Num ano de forte recessão e apesar das mais recentes estimativas do FMI apontem para uma perda de produto global de 25 biliões de dólares entre 2020 e 2025, alguns mercados estão a transacionar a níveis próximos de máximos e outros já recuperaram boa parte das quedas dos meses de março a maio
A grande questão dos nossos dias é se faz sentido termos uma pandemia e os mercados estarem a transacionar a níveis superiores aos pré-pandemia
Explicação #1: Esta é uma crise diferente em que as economias estavam a crescer bem e não houve destruição da atividade
Explicação #2: Diferente composição e fatores contributivos para GDP e índices
Explicação #4: Diferente dinâmica: política monetária e as baixas taxas de juro trazem TINA e FOMO e inflação dos preços dos ativos
Explicação #5: Diferente economia: política orçamental mantém os rendimentos das famílias
Em conclusão, os mercados estão demasiado complacentes e muito vulneráveis a correções associadas a agravamentos de sentimento e de circunstâncias da atividade, havendo, contudo, uma “silver lining” ou mesmo uma “silver bullet” (luz ao fundo do túnel, ou mesmo uma poção mágica) que será uma vacina e/ou tratamentos ao virar da esquina
Os passatempos de “Descubra as diferenças” ou “Onde está o Wally” foram e ainda são bastante populares e podem aplicar-se a esta questão da desconexão entre a economia e os mercados provocada pela crise pandémica.
Na verdade, temos dois registos divergentes da economia e dos mercados que devem estar e normalmente estão alinhados e sincronizados.
Os analistas dos mercados financeiros e os gestores de investimento dividem-se em polos opostos.
Muitos afirmam perentoriamente que existe uma profunda desconexão entre os mercados e a economia, com base na factualidade dos dados, ou seja, mercados em máximos e economia deprimida, em contração de produto e emprego. Muitos outros defendem assertivamente o contrário, que os mercados estão em máximos porque a economia estava bem antes da pandemia, está a reagir bem às medidas adotadas e terá uma rápida recuperação pois não houve destruição de capacidade produtiva, mas antes suspensão ou paralisação da atividade.
A resposta a esta questão passa por começar por procurar descobrir as razões por que eventualmente as diferenças não são assim tão evidentes ou há algumas pequenas semelhanças que se estão a tornar importantes.
Concluímos este exercício ponderando os vários os argumentos e concluir se efetivamente temos desconexão ou não.
Não vamos levar o suspense até ao fim, até porque o desenvolvimento será algo extenso. Antecipamos as conclusões. Muito embora haja algumas razões válidas para o bom desempenho dos mercados, acreditamos que os mercados estão a ser demasiado complacentes para a situação económica real. Em nossa opinião é muito difícil justificar os mercados em níveis próximos dos máximos ou a recuperarem para níveis anteriores aos da pandemia com o contexto económico presente. A não ser que o silver lining ou a silver bullet de uma vacina e/ou de um tratamento eficaz esteja ao virar da esquina!

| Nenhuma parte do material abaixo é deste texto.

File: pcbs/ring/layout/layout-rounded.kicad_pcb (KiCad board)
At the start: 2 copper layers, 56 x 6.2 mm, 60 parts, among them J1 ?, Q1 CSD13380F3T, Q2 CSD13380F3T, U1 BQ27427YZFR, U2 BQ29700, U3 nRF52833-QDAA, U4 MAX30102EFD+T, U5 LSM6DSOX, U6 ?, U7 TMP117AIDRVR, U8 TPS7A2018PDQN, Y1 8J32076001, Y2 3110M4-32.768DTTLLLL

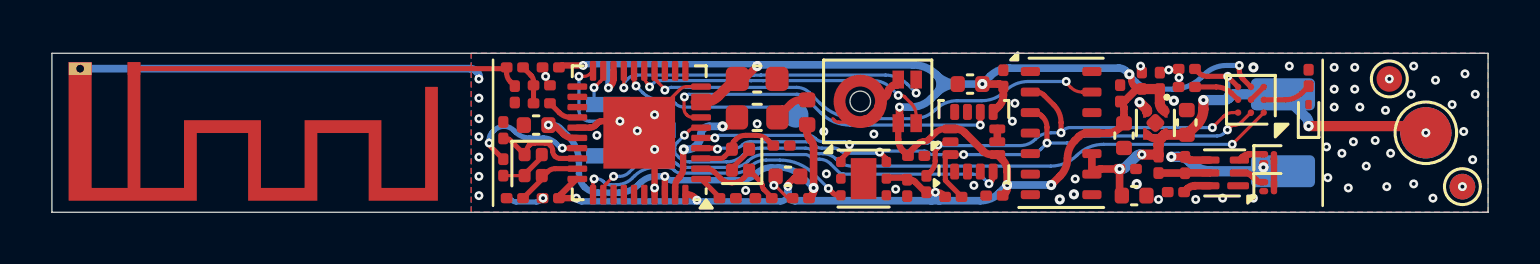
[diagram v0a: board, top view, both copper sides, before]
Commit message: stricter DRC
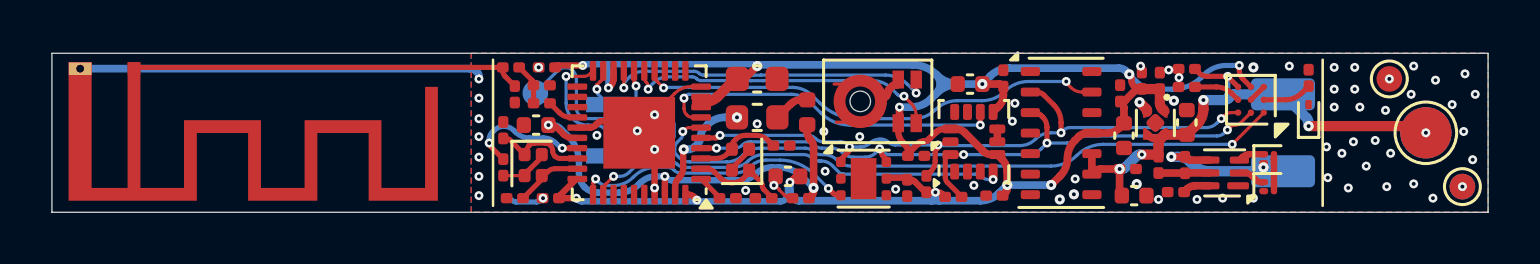
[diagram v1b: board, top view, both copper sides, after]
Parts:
- moved TP1 10.2 mm to (137.1, 81.5)
- moved L4 0.15 mm to (136.2, 80.5)
- moved C8 0.15 mm to (137.6, 80.5)
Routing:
- net GND: track 35.5 -> 36.7 mm, vias 68 -> 67
- net swdclk: track 4.55 -> 5.29 mm
- net rst: track 7.18 -> 7.71 mm

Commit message: stricterer DRC
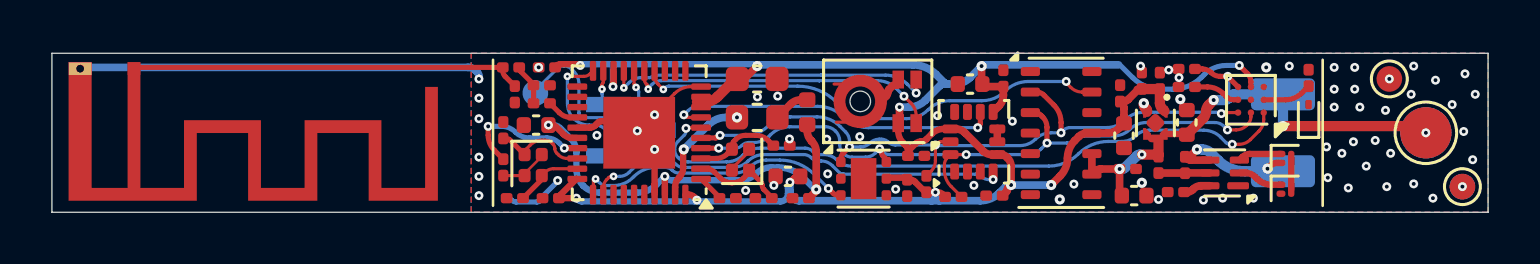
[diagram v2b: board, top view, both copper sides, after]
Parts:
- moved Q2 0.68 mm to (166.3, 85.3)
- moved Q1 0.68 mm to (166.3, 84.1)
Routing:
- net sda: track 27.0 -> 28.3 mm
- net VDD: track 82.0 -> 81.1 mm, vias 13 -> 12
- net imu_int2: track 13.8 -> 13.1 mm
- net battery.bat_cout: track 1.06 -> 1.75 mm
- net battery.bat_dout: track 1.02 -> 1.70 mm
- net VBATT: track 21.1 -> 20.5 mm
- net scl: track 26.5 -> 27.1 mm
- net bat_low: track 25.8 -> 26.4 mm
- net battery.bat_vss: track 6.21 -> 5.70 mm
- net GND: track 36.7 -> 36.3 mm, vias 67 -> 66

Num ano de forte recessão e apesar das mais recentes estimativas do FMI apontem para uma perda de produto global de 25 biliões de dólares entre 2020 e 2025, alguns mercados estão a transacionar a níveis próximos de máximos e outros já recuperaram boa parte das quedas dos meses de março a maio
Com a paralisação da atividade decorrente da pandemia o PIB mundial irá contrair-se em cerca de 4,4% em 2020, e recuperar cerca de 5,2% em 2021, segundo as últimas previsões de outubro feitas pelo FMI.
O FMI estima ainda que aquele evento representará uma perda total do produto de 25 biliões até 2025, decorrente da queda da atividade em geral, da falência de empresas e da redução não só temporária, mas também permanente de emprego.
Há grandes países profundamente afetados e em que a incidência da pandemia foi maior, tais como muitos países europeus (Espanha, Itália e França), a India e o Brasil. Ao nível das grandes economias apenas a China terá um crescimento em 2020, mas modesto.
A taxa de desemprego da OCDE em agosto fixou-se em 7,4%, 2,2 pontos percentuais acima do nível observado em fevereiro, antes da pandemia covid-19 ter atingido o mercado de trabalho. 48,4 milhões de pessoas estavam desempregadas na área da OCDE, mais 13,5 milhões do que em fevereiro, sem contar com os despedimentos temporários ou lay-offs da zona euro que não entram para as estatísticas do emprego.
A grande questão dos nossos dias é se faz sentido termos uma pandemia e os mercados estarem a transacionar a níveis superiores aos pré-pandemia
Apesar desta situação económica, os mercados financeiros que na fase inicial da pandemia caíram entre 30% a 40% recuperaram rapidamente desde abril e já estão a transacionar próximo dos níveis máximos.
Este movimento observou-se quer nos mercados acionistas e nos mercados obrigacionistas. É verdade que não teve a mesma intensidade em termos de países. O desempenho foi melhor nos EUA e nos países emergentes asiáticos do que na Europa.
Fonte: Global Financial Stability Report, IMF, October 2020
Assim, a grande questão é se esta dicotomia faz sentido. Podem os mercados financeiros estar tão bem com uma economia fragilizada e vulnerável?
Explicação #1: Esta é uma crise diferente em que as economias estavam a crescer bem e não houve destruição da atividade
A primeira questão é que esta é uma crise diferente de todas as outras.
Ao contrário das anteriores, a economia estava bem em todo o mundo e esta crise não provocou destruição da capacidade produtiva. O que aconteceu foi que parou temporariamente a atividade e a subsequente reabertura das economias permitiu retomar os níveis de atividade.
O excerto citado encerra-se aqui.